In the late 2010s, the U.S. won five consecutive global championships (one Olympics, four worlds) to become a dynasty for the first time. A trademark, maybe the trademark of those teams was their fast, skillful attackers, personified by Decker.

“When it came to game time, it was incredible,” she said. “The one thing that goes unrecognized a little bit -- you’re competing against those players every day of practice. So you’re competing against some of the best players in the world every single day, and that’s how you excel your game. So I thank them for training so hard to make our team better as well.”

Decker, third on the U.S. career points list in world championship play behind Knight and Cammi Granato, said she brings her playing mentality to her coaching.

“I’m pretty intense,” she said. “When we’re inside the rink, it’s all business for me. I want to get the most out of the players, and I obviously want them to take advantage of every training session that they have. But from an off-ice standpoint, I obviously goof around with them and have fun and make them realize that it’s all about balance.”

When Decker told family members that she was hanging up her skates, one of her three brothers texted to tell her it was time to repeat her playing accomplishments as a coach.

“We’ll see if I can mark off those things,” Decker said. “My list starts now.”
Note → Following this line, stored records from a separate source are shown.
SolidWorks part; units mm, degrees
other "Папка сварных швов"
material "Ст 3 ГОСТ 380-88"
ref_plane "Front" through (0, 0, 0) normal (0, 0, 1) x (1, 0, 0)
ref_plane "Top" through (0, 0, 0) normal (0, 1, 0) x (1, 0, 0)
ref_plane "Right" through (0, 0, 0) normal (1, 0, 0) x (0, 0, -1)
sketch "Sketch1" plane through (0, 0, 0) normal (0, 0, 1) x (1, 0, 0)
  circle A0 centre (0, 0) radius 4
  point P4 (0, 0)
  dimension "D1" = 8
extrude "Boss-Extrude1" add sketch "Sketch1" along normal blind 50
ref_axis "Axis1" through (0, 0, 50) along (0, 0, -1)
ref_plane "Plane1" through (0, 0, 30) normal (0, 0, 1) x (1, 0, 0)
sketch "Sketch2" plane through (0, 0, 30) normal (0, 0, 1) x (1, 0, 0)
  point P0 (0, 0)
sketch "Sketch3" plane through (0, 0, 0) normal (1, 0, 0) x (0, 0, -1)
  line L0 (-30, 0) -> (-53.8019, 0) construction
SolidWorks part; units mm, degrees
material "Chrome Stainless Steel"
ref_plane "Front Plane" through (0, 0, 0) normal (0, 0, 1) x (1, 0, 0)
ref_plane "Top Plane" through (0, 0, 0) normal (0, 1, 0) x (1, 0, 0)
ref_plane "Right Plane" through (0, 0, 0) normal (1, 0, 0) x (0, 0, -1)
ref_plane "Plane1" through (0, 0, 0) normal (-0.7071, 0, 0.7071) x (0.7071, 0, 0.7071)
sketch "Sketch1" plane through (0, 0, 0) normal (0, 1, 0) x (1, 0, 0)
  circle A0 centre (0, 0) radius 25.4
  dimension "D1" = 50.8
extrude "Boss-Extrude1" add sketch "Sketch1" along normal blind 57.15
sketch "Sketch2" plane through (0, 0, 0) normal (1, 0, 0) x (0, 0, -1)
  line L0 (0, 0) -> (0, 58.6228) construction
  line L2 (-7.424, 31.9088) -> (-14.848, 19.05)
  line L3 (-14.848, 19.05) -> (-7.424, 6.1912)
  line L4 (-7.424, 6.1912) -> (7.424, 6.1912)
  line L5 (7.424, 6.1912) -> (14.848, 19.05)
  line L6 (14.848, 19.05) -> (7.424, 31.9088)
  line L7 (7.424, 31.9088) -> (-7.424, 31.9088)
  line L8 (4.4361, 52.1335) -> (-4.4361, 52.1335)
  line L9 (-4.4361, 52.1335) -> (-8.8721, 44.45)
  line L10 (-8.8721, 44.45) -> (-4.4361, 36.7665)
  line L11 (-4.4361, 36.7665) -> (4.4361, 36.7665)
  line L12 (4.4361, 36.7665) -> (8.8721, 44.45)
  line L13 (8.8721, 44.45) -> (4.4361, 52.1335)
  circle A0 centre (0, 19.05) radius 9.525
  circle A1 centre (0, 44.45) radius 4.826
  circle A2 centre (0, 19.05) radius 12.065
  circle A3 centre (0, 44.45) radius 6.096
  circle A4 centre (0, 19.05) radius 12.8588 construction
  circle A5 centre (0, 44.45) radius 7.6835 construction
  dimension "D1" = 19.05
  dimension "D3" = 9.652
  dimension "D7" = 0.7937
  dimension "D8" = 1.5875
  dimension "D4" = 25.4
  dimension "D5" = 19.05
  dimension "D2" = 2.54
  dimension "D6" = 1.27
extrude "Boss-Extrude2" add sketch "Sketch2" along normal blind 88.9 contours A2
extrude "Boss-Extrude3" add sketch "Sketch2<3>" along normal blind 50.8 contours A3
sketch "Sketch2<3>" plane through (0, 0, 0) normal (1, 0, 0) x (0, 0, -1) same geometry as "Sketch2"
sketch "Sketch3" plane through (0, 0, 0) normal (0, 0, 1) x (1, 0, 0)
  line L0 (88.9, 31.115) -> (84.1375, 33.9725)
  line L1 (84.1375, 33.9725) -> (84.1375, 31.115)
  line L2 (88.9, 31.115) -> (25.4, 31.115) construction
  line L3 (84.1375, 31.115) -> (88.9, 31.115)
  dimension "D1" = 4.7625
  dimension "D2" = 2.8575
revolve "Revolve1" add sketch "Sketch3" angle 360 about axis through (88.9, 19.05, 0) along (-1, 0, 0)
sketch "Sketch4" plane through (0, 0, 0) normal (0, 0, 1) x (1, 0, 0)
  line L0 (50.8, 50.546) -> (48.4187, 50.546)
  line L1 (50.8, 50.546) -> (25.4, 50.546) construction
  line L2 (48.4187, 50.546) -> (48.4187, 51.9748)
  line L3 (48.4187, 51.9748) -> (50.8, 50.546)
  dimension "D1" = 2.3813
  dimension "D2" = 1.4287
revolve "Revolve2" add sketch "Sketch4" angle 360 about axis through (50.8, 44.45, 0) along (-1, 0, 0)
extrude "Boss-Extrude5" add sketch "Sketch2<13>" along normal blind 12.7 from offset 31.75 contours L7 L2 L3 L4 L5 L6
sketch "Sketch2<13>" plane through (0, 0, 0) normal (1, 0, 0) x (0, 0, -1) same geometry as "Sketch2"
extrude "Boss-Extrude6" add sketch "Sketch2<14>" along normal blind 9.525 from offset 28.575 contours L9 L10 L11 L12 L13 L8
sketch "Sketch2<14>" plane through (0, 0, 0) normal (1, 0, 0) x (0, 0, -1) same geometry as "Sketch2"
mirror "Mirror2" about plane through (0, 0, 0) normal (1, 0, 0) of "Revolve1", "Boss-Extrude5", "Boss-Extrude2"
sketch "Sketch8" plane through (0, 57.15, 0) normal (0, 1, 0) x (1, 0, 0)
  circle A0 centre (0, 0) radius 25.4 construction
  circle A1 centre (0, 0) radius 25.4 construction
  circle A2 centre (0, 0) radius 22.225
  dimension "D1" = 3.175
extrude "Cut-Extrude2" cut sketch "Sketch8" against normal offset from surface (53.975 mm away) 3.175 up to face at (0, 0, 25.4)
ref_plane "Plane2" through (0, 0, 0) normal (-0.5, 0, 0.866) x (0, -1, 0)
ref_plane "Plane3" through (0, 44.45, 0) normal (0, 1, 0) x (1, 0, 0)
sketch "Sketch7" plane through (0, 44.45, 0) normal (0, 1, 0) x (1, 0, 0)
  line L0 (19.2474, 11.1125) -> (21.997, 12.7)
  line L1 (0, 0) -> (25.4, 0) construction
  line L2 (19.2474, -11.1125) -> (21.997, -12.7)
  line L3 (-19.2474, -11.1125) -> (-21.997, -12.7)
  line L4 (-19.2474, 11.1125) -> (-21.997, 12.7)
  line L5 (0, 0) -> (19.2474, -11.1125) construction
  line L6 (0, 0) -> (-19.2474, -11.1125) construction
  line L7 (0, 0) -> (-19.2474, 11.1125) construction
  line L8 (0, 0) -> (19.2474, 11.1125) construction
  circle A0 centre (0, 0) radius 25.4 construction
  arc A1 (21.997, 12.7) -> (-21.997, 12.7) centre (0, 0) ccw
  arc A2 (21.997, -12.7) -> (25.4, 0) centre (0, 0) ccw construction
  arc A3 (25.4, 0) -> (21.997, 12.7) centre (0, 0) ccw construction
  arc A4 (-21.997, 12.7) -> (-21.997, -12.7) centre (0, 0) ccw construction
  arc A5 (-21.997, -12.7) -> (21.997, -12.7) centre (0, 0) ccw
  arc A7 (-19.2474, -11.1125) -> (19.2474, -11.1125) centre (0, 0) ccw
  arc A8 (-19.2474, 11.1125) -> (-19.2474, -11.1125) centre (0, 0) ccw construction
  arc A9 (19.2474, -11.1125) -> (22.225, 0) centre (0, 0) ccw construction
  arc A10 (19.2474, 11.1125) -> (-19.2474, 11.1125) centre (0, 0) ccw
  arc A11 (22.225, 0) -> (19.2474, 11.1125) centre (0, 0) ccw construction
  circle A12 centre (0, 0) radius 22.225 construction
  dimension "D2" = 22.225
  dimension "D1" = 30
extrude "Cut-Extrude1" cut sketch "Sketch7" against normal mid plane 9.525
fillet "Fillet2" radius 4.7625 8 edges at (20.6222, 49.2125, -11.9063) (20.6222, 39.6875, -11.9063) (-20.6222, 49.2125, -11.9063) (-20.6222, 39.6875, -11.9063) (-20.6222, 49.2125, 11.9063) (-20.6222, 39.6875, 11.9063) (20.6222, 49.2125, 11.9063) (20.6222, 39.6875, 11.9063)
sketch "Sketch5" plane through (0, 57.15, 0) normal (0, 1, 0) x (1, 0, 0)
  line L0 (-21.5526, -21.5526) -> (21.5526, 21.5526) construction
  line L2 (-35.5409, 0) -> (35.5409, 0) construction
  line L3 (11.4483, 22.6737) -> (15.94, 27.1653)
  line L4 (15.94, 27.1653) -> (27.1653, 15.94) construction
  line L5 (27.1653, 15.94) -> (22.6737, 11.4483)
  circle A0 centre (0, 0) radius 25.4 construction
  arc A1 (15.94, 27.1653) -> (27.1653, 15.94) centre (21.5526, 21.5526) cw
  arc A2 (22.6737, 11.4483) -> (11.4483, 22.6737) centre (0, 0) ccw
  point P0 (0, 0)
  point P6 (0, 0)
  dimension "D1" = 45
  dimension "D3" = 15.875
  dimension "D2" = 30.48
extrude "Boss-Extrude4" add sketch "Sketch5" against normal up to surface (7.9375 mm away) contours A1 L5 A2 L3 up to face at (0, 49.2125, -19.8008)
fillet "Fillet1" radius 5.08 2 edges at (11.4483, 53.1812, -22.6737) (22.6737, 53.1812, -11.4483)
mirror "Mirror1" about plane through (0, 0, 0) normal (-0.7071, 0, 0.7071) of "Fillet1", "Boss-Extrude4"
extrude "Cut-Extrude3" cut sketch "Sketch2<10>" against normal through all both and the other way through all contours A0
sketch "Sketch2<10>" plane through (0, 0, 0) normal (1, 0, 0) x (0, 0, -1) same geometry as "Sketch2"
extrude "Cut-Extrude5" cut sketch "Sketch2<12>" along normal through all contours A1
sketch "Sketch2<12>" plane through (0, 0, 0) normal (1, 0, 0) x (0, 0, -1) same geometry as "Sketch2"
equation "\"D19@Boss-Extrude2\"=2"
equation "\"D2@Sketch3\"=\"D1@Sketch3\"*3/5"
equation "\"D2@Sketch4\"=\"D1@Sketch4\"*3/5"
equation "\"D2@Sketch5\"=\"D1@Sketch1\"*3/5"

A goal is to coach an Olympic team. Women’s hockey has been contested at seven Winter Games. The U.S. has never had a former women’s national team player as Olympic head coach, and just once had a female head coach (Katey Stone, 2014).

“Right now I’m in the best spot I can be,” said Decker, whose duties at the boarding school include doing laundry and aiding with equipment. “I have a great mentor, [girls hockey director] Gordie Stafford at Shattuck-St. Mary’s, so I’m in a good spot to start my coaching career.”